What a Trust Does Not Do
- It does not save Arizona estate or inheritance tax (Arizona has none) and does not save federal estate tax for estates below the federal exemption.
- It does not protect assets from your own creditors during your lifetime — revocable trust assets are reachable by creditors. Only irrevocable trusts provide creditor protection, and those have major trade-offs.
- It does not cover assets that aren't titled in the trust's name. A trust is only as good as its funding, which is the most common point of failure.
When a Trust Is and Isn't Worth It
A revocable trust adds cost ($1,500–$3,500 above a basic will package) and complexity (you have to retitle assets and remember to keep new acquisitions in the trust). Whether it's worth it depends on your situation:
| You probably benefit from a trust if: | You probably don't need a trust if: |
|---|---|
| You own Arizona real estate and want to avoid probate (though a beneficiary deed may suffice). | Your major assets are retirement accounts, life insurance, and a home with a beneficiary deed. |
| You own out-of-state real estate. | You have no minor children and a simple distribution plan. |
| You have minor children or beneficiaries with special needs. | Your estate is below the small estate affidavit thresholds. |
| You have a blended family and want detailed control over distributions. | You want minimum complexity and lowest upfront cost. |
| You want privacy or want to keep distributions out of the public record. | |
| You have a closely-held business. |
5. Powers of Attorney: Financial and Healthcare
A power of attorney (POA) lets you name someone to act for you. Two are essential in any Arizona estate plan, and they cover different types of decisions.
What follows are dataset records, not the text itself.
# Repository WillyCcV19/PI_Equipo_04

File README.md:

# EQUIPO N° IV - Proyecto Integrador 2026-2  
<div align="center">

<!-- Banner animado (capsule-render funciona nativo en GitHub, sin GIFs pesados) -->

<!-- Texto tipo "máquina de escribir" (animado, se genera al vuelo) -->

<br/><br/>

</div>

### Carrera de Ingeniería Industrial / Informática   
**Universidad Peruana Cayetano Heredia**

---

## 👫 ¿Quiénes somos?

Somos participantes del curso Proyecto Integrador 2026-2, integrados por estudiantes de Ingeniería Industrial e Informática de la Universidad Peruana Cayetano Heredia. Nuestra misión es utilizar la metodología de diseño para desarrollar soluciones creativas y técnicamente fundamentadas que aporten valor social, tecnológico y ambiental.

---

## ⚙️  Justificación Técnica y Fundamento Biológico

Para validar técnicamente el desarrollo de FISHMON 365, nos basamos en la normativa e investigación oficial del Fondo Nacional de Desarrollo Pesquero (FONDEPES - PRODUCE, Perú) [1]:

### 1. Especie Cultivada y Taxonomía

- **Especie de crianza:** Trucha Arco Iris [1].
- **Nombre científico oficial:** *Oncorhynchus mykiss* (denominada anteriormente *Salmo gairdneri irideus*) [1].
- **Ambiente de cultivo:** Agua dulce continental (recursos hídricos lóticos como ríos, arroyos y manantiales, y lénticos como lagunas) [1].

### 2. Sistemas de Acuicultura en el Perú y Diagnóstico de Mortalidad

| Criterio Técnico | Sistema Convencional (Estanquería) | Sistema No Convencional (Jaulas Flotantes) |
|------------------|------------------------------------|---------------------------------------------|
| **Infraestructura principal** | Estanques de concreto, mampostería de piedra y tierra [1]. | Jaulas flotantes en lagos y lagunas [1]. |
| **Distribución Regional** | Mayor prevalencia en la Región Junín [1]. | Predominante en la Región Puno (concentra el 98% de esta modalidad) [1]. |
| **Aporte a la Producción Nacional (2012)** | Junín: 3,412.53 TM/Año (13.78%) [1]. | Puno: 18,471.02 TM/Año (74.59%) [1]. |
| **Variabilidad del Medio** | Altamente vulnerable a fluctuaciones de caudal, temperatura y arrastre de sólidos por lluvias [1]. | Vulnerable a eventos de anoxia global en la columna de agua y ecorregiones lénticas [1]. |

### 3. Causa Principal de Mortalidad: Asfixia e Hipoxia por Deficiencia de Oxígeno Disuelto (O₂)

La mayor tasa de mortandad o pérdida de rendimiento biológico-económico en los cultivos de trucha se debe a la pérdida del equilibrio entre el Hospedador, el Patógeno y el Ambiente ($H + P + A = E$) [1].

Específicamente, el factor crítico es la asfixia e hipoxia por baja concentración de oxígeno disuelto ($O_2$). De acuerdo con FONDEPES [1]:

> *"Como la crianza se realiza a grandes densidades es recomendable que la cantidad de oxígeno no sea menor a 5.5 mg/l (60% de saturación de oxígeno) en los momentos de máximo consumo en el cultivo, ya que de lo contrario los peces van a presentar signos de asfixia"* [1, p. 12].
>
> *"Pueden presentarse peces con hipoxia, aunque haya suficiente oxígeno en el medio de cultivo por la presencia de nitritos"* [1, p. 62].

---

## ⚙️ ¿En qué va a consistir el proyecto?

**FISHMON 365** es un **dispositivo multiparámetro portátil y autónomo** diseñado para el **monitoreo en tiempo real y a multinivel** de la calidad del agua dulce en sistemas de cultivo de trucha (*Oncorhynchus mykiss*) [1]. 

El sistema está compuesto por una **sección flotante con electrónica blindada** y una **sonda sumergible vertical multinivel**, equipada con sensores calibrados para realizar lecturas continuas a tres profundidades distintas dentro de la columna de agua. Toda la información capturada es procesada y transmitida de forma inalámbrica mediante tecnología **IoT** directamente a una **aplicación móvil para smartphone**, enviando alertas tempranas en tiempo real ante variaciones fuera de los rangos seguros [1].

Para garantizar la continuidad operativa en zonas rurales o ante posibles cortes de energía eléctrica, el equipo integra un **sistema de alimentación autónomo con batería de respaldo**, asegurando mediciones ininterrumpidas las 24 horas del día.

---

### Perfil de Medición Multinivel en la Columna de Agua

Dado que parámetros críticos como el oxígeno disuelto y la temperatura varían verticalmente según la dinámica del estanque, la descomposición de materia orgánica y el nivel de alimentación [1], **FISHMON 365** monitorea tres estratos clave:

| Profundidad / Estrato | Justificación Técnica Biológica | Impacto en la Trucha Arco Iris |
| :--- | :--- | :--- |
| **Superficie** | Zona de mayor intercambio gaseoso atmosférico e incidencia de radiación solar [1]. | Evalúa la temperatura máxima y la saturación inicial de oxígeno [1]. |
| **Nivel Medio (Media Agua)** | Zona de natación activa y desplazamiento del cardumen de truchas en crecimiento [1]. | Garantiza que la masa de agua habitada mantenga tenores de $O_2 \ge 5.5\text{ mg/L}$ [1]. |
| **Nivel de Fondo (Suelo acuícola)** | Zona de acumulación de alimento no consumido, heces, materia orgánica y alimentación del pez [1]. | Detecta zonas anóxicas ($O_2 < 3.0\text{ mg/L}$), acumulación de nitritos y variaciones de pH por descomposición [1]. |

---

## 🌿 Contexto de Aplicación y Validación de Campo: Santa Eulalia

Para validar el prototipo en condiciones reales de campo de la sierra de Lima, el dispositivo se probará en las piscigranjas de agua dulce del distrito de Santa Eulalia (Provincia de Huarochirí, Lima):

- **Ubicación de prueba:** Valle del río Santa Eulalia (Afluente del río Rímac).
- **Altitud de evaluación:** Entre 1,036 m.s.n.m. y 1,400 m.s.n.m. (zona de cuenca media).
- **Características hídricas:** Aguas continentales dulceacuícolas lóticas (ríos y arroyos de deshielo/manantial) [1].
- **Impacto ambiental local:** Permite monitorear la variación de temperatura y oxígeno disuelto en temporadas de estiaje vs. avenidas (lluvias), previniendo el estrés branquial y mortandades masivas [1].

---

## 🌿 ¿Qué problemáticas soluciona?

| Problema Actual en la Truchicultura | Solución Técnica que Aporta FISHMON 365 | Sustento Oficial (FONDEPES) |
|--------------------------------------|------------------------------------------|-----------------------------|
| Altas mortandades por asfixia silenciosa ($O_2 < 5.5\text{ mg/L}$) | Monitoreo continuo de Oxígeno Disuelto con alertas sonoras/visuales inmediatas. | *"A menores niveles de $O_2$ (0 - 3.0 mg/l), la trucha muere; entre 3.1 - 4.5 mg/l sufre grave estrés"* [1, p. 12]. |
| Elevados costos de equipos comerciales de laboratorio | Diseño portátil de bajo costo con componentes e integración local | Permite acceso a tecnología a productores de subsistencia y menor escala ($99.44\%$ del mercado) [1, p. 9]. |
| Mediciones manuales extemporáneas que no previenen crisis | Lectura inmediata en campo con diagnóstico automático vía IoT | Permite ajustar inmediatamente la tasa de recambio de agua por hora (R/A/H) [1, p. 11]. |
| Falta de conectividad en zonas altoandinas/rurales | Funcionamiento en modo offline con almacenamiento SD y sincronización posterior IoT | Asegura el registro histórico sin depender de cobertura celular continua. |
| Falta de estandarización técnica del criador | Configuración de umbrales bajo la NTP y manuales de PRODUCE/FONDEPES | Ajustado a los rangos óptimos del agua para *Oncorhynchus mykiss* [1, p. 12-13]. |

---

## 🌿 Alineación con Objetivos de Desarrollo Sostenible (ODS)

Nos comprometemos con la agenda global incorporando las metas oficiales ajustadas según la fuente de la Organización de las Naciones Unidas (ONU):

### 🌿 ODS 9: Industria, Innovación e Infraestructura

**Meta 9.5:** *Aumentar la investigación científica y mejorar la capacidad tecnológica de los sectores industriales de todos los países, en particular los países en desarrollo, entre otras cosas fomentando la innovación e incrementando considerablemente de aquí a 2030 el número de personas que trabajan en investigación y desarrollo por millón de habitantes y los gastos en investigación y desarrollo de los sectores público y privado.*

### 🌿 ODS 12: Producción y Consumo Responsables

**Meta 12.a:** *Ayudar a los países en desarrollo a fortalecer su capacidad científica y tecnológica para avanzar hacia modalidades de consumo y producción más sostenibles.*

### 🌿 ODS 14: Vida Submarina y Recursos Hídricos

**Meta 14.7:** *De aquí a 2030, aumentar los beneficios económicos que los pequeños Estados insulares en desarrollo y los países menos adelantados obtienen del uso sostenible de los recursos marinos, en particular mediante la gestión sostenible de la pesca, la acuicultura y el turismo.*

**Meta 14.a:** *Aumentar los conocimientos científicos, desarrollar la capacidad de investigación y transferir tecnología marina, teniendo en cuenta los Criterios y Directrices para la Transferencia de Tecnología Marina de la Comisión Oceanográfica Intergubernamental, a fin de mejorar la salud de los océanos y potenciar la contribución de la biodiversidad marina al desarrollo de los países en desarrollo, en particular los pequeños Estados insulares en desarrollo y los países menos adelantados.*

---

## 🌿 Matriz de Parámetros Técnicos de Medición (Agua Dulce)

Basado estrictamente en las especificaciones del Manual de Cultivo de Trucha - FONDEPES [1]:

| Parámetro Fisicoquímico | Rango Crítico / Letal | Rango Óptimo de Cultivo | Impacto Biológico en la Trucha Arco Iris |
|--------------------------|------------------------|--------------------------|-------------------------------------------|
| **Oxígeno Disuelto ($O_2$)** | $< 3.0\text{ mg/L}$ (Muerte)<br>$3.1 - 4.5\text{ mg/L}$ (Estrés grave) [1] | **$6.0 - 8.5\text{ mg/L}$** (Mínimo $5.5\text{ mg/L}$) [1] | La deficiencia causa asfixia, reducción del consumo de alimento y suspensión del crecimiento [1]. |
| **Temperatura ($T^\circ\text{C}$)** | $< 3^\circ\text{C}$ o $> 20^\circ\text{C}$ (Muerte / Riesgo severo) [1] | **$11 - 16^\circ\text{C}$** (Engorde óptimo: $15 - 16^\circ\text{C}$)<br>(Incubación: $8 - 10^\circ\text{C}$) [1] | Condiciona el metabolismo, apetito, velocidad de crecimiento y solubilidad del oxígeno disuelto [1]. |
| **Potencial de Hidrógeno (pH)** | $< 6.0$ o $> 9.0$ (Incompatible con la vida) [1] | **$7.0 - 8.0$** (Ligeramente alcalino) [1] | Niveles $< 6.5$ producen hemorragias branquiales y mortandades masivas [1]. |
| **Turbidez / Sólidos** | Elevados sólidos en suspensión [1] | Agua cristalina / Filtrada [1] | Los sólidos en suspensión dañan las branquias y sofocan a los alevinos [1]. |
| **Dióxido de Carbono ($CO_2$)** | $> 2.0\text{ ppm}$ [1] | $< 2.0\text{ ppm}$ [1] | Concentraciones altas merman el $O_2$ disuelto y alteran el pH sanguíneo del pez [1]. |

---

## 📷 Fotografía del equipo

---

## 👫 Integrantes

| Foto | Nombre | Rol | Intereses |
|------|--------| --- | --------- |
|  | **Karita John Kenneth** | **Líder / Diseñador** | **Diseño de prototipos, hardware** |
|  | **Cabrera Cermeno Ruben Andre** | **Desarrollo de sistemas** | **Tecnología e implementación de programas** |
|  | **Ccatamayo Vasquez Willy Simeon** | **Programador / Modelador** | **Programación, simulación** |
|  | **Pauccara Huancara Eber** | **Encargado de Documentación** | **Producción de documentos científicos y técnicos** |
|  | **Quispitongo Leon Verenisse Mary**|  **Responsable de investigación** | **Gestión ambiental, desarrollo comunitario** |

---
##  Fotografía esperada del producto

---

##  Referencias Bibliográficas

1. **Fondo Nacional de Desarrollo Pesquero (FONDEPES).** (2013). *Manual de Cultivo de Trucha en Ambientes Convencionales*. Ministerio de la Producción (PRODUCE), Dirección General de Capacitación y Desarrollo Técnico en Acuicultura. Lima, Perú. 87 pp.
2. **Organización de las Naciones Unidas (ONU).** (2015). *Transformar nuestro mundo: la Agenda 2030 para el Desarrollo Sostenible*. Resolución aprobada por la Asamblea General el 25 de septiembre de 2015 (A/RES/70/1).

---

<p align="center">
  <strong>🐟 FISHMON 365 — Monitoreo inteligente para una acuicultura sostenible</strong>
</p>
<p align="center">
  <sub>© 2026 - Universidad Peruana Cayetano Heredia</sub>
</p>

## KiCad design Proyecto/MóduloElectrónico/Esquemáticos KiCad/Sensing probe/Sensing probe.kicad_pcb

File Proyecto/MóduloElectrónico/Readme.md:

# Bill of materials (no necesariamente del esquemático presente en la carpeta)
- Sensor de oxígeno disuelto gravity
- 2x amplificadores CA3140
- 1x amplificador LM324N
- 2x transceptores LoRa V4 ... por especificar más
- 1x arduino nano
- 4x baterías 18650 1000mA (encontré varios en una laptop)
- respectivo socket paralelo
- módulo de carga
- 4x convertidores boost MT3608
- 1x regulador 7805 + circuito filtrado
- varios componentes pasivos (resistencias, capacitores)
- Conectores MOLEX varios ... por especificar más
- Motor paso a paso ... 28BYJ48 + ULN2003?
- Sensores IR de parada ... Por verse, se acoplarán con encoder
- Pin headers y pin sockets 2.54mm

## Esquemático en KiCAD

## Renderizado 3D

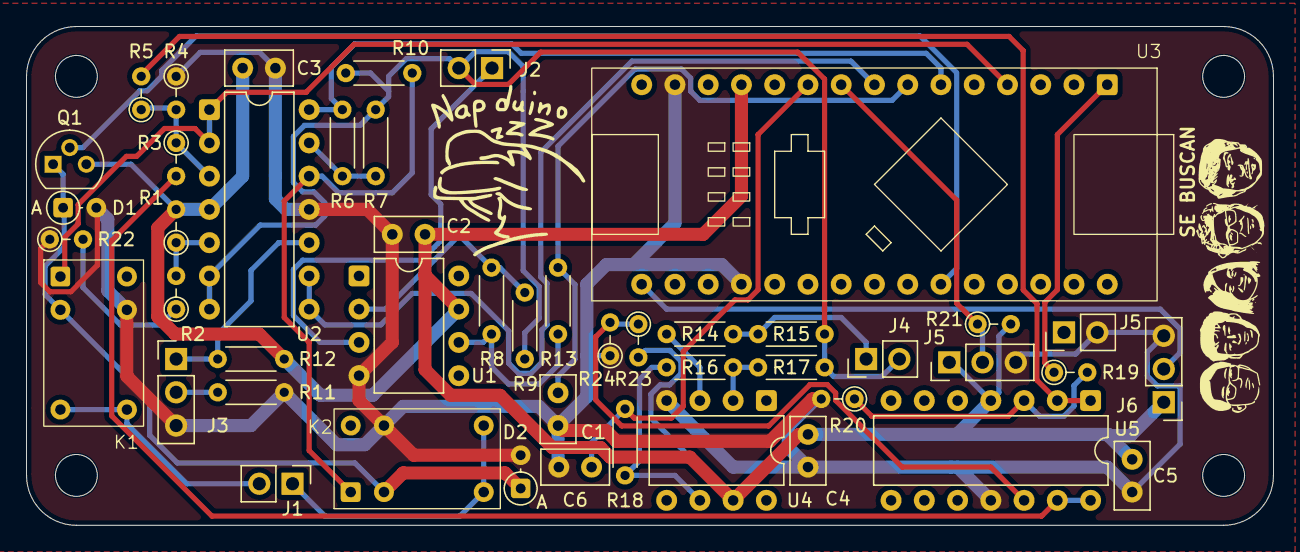
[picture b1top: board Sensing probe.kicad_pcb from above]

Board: 2 copper layers, 95.2 x 38.1 mm, 47 parts (0 on the bottom side), 33 nets.

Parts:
C1, C2, C3, C4, C5: 100n; C_Disc_D5.0mm_W2.5mm_P2.50mm
C6: 10n; C_Disc_D5.0mm_W2.5mm_P2.50mm
D1, D2: 1N4007; D_DO-34_SOD68_P2.54mm_Vertical_AnodeUp
J1, J2, J4, J5#2: Conn_01x02; PinHeader_1x02_P2.54mm_Vertical
J3, J5, J6: Conn_01x03_Pin; PinHeader_1x03_P2.54mm_Vertical
K1, K2: HFD23
Q1: Q_NPN_EBC; TO-92
R1, R3, R4, R19, R21, R23: 10K; R_Axial_DIN0204_L3.6mm_D1.6mm_P2.54mm_Vertical
R2: 3.3K; R_Axial_DIN0204_L3.6mm_D1.6mm_P2.54mm_Vertical
R5: 33K; R_Axial_DIN0204_L3.6mm_D1.6mm_P2.54mm_Vertical
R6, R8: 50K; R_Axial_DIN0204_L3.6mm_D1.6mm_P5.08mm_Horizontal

Durable Financial Power of Attorney
Authorizes a named agent to handle your financial and legal matters — pay bills, file taxes, sign documents, manage investments, sell property, and so on. Under the Uniform Power of Attorney Act adopted in Arizona at ARS § 14-5501 and following sections, the POA must be in writing, signed by the principal, and notarized (and, for some real estate transactions, witnessed). "Durable" means it remains in effect if you become incapacitated; without that, an ordinary POA terminates when the principal can no longer make decisions — the exact moment you most need someone able to act.
You can structure a POA to take effect immediately on signing or only upon incapacity (a "springing" POA). Each has trade-offs. Immediate POAs are simpler to use but require trust in the agent. Springing POAs require a determination of incapacity (typically by a physician), which can introduce delay at exactly the wrong moment. Most estate planners now favor immediate POAs given to a fully trusted agent.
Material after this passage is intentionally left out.